# Boot up oddity with ACPI - Part SOLVED

## MrSums

Recently I've had to soft-reboot my desktop every time I start it in the morning in order for it to recognise the keyboard & mouse - it seems to boot fine into gdm, but neither kb nor mouse are recognised. Hit the soft reboot button and next time everything is fine.

Investigating the /var/log/everything/current log file, I find that on initial boot, I get the following:

 *Quote:*   

> Jul 15 08:17:31 [kernel] via-rhine.c:v1.10-LK1.4.3 2007-03-06 Written by Donald Becker
> 
> Jul 15 08:17:31 [kernel] eth0: VIA Rhine II at 0x1b000, 00:0c:6e:d2:91:ce, IRQ 11.
> 
> Jul 15 08:17:31 [kernel] eth0: MII PHY found at address 1, status 0x786d advertising 01e1 Link 45e1.
> ...

 

but on reboot, these lines are:

 *Quote:*   

> Jul 15 08:18:30 [kernel] via-rhine.c:v1.10-LK1.4.3 2007-03-06 Written by Donald Becker
> 
> Jul 15 08:18:30 [kernel] ACPI: PCI Interrupt Link [LNKG] enabled at IRQ 11
> 
> Jul 15 08:18:30 [kernel] ACPI: PCI Interrupt 0000:00:12.0[A] -> Link [LNKG] -> GSI 11 (level, low) -> IRQ 11
> ...

 

I thought it might be something to do with parallel startup of the rc scripts, so I turned that off, but made no difference. 

Any clues please?

Thanks

----------

## VinzC

The log indicates things that happen while the kernel is initializing. So it has nothing to do with parallel startup as it takes place long before the init scripts are run. GSI stands for Global System Interrupts and I think it's just ACPI that's indicating an interrupt was assigned somewhere, nothing to die for  :Wink:  .

As to why it happened on the next reboot only... Doesn't really matter I think. That's probably because the kernel initializes the hardware in threads and not sequentially (like it did before, IIRC). So you might see things scrambled in the kernel log. For instance you might see ACPI lines appear in the middle of [what you think is] IDE or Ethernet device initialization...

I've got no better explanation.

EDIT: Here's a link to an article that deals with interrupt routing.

----------

## MrSums

Found out WHAT I had done, but not necessarily WHY it is happening. I read an article on speeding up the boot process which suggested putting xdm into the boot run-level, rather than default. 

Clearly I didn't properly follow this, but removing it from boot and putting back into default sorted the problem.

----------

## VinzC

I just don't understand why it should be a problem -- but I'm no hardware specialist, you know.
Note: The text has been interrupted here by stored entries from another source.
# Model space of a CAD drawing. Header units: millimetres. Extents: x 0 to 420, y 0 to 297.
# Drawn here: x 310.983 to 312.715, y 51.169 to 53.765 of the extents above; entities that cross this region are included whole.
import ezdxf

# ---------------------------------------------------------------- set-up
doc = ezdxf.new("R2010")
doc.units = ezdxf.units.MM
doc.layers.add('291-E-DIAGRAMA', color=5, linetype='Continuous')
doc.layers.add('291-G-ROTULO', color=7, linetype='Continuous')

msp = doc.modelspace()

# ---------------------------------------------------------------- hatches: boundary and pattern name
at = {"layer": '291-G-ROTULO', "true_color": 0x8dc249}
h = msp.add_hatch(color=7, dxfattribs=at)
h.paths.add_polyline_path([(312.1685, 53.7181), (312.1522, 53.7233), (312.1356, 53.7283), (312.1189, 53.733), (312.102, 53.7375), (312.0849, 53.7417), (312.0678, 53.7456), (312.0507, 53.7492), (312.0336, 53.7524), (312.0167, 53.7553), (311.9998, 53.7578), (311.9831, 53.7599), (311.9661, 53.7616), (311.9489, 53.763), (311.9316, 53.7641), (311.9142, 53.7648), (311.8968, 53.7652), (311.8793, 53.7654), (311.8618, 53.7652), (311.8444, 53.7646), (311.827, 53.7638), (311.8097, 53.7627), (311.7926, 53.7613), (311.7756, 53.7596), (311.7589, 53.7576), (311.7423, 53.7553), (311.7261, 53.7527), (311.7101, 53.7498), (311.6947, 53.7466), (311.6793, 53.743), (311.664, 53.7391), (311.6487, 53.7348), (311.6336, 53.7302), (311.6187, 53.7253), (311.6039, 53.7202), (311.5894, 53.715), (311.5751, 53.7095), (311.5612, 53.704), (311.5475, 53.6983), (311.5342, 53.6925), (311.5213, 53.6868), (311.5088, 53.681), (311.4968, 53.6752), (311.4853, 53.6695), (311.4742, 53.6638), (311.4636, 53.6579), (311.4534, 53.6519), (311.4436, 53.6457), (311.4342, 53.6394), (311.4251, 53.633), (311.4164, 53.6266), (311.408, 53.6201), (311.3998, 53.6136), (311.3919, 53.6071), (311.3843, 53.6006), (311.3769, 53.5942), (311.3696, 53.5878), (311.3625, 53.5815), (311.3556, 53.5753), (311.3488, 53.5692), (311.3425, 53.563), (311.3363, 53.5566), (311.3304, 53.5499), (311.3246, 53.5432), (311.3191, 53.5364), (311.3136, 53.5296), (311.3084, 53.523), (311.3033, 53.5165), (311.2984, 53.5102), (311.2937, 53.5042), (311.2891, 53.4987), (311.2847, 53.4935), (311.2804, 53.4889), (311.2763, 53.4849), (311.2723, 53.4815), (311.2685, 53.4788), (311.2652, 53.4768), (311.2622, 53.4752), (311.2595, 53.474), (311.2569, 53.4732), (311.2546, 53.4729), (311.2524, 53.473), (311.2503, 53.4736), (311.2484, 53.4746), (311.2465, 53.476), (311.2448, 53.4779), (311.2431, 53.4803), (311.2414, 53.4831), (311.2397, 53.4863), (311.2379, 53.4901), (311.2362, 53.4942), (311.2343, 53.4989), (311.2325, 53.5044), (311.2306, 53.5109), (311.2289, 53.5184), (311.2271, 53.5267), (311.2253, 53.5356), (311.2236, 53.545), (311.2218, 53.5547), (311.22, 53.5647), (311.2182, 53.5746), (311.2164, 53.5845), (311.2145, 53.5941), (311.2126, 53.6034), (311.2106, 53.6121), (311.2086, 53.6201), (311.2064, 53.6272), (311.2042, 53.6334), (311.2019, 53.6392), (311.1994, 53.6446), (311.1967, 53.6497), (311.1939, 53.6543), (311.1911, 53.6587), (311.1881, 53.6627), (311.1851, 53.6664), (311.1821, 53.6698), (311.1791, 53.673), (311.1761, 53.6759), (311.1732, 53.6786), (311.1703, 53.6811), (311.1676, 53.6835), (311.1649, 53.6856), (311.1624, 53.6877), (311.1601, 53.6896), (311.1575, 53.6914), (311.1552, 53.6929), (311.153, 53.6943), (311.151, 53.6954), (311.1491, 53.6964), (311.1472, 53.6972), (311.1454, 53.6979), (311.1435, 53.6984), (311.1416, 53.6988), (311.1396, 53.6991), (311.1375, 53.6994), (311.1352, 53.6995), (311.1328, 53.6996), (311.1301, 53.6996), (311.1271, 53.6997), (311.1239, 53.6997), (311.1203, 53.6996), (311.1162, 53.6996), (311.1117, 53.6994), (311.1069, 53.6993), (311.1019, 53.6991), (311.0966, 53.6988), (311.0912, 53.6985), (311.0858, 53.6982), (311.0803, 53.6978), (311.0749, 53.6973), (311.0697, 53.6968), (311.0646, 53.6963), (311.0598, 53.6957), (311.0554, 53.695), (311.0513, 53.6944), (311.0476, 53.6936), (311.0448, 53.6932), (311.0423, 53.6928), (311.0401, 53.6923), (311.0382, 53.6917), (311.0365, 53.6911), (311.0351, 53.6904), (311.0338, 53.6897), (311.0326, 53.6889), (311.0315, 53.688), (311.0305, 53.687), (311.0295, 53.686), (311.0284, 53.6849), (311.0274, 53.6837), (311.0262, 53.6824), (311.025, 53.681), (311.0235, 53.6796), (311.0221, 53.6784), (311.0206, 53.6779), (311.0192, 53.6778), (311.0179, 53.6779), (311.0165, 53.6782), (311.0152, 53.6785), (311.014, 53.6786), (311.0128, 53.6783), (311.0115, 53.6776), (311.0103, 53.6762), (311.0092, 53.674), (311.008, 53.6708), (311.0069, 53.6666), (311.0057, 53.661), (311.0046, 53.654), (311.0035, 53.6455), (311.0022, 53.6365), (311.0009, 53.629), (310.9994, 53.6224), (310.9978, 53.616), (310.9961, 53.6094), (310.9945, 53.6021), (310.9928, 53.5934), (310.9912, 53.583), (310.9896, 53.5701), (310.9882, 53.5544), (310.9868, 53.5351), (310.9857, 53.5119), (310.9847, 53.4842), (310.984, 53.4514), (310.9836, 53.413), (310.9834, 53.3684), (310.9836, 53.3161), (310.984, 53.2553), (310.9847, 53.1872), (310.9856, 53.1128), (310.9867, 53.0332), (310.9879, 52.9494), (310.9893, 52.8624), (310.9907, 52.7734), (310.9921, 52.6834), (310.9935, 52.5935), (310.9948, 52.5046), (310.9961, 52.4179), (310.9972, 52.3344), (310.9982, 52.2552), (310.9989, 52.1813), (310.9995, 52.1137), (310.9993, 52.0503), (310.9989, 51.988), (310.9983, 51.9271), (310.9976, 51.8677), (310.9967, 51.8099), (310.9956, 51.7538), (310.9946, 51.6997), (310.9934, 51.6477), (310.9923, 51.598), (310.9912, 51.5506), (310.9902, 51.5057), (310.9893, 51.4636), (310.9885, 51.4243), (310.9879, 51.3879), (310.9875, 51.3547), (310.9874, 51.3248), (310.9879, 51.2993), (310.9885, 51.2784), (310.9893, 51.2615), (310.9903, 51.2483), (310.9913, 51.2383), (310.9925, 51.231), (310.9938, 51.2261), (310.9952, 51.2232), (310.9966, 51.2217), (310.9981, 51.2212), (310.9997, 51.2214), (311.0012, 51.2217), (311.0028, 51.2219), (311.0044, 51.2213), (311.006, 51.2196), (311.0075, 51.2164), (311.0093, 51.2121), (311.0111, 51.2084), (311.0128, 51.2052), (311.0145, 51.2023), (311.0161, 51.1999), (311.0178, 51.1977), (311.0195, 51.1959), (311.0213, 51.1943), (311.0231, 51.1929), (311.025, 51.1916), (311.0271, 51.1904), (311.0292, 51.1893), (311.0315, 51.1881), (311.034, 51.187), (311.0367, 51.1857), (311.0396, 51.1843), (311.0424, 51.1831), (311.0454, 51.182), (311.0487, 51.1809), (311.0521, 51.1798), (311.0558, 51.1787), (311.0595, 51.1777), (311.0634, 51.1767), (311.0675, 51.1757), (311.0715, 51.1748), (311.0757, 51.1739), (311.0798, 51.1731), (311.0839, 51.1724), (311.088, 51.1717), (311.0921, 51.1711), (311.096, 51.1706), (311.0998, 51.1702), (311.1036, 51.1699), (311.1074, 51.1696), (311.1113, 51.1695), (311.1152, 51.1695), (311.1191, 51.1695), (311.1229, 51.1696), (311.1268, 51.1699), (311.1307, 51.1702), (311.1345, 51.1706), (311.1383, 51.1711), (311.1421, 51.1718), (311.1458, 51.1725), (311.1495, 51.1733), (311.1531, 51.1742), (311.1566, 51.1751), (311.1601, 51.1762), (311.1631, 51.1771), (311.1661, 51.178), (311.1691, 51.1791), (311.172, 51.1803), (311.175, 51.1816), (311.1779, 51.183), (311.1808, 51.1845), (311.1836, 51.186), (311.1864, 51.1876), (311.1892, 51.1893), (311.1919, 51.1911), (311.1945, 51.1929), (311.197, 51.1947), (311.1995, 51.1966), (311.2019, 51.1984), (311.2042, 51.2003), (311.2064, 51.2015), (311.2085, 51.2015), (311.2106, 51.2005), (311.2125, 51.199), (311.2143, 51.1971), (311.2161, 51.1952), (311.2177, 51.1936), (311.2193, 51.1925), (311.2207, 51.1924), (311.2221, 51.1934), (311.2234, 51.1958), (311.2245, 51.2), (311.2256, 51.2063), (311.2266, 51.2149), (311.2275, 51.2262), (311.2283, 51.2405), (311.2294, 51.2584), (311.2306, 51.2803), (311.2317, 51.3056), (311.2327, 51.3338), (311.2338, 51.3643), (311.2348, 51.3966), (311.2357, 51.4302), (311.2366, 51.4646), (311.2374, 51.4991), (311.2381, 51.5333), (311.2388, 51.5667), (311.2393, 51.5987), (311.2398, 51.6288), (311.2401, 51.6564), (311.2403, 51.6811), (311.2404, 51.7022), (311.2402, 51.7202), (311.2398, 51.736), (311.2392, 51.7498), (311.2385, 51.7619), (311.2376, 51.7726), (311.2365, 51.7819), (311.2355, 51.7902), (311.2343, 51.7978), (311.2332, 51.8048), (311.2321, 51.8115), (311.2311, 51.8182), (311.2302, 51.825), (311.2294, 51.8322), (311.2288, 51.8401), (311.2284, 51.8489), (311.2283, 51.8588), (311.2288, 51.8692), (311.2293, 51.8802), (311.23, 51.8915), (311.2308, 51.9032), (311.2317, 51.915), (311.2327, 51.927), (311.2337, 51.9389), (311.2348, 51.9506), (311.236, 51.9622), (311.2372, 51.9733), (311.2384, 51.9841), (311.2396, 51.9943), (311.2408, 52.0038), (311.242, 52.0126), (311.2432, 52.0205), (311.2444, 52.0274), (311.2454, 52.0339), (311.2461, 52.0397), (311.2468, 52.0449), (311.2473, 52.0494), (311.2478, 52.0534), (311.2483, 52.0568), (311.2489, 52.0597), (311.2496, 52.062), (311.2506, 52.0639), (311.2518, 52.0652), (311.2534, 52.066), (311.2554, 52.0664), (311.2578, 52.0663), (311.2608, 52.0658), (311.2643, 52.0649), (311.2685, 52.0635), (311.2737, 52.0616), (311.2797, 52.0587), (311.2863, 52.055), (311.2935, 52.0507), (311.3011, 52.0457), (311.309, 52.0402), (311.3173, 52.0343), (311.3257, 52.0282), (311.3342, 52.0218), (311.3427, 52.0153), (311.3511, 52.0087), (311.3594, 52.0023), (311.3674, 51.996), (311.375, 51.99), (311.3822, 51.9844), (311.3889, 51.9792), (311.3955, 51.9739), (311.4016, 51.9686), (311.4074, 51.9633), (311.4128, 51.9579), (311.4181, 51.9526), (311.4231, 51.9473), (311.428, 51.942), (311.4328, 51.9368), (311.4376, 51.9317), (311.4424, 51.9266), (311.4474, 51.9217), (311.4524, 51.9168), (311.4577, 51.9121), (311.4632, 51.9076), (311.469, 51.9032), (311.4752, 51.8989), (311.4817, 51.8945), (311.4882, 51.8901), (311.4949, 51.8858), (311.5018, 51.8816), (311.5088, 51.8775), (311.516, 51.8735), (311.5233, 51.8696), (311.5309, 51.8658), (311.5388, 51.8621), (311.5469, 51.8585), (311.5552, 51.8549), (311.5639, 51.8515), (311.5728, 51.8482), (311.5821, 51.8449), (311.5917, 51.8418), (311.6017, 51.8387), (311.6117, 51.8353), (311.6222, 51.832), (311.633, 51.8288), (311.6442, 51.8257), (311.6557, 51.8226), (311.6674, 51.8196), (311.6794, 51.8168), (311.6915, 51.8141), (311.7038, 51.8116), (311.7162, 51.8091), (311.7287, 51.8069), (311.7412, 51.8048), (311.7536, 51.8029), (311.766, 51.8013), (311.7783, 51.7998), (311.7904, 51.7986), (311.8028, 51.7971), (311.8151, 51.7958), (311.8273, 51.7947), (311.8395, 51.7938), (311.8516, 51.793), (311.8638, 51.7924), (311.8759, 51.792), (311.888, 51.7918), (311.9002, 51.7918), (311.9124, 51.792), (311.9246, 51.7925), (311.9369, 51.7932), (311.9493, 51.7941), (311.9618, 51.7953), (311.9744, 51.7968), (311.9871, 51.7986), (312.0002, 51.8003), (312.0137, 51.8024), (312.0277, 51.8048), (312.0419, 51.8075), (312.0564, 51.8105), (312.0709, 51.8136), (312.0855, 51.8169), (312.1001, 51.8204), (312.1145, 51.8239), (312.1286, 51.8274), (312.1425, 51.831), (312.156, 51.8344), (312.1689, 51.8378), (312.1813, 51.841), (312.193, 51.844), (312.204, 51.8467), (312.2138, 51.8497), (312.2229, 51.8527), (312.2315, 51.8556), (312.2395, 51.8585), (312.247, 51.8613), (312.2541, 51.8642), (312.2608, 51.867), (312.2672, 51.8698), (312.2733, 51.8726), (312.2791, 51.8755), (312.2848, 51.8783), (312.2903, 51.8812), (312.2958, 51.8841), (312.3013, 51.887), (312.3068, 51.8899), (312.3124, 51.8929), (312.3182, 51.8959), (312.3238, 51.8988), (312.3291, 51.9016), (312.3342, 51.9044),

Was the IRQ that of your video card? If yes, what was the problem exactly?

----------

## MrSums

lspci gives:

 *Quote:*   

> 00:00.0 Host bridge: VIA Technologies, Inc. VT8377 [KT400/KT600 AGP] Host Bridge
> 
> 00:01.0 PCI bridge: VIA Technologies, Inc. VT8235 PCI Bridge
> 
> 00:0b.0 SCSI storage controller: Adaptec AIC-7850 (rev 01)
> ...

 

and  cat /var/log/everything/current | grep IRQ gives:

 *Quote:*   

> 
> 
> Jul 20 09:38:27 [kernel] ACPI: PCI Interrupt Link [LNKA] (IRQs 3 4 5 6 7 9 10 *11 12)
> 
> Jul 20 09:38:27 [kernel] ACPI: PCI Interrupt Link [LNKB] (IRQs 3 4 5 6 7 9 *10 11 12)
> ...

 

This suggests to me that the ethernet card (00:12.0) is originally given IRQ11, but then this is also then assigned to the video card on 01:00.0.

The problem was that on first boot, neither the keyboard nor mouse were recognised so although I had a login screen, I couldn't input anything. However, if I then soft-rebooted the keyboard and mouse both worked fine.

I am guessing that by putting the xdm init script into the boot runlevel, it was initialising prior to keyboard/mouse, but for the lift of me I don't understand why it would then work on a soft reboot. Whether this is an ACPI problem? I am not convinced that the above detail helps a great deal.

----------

## VinzC

I see. I would rather believe your DSDT needs fixing. This is an ACPI problem, IMHO.

----------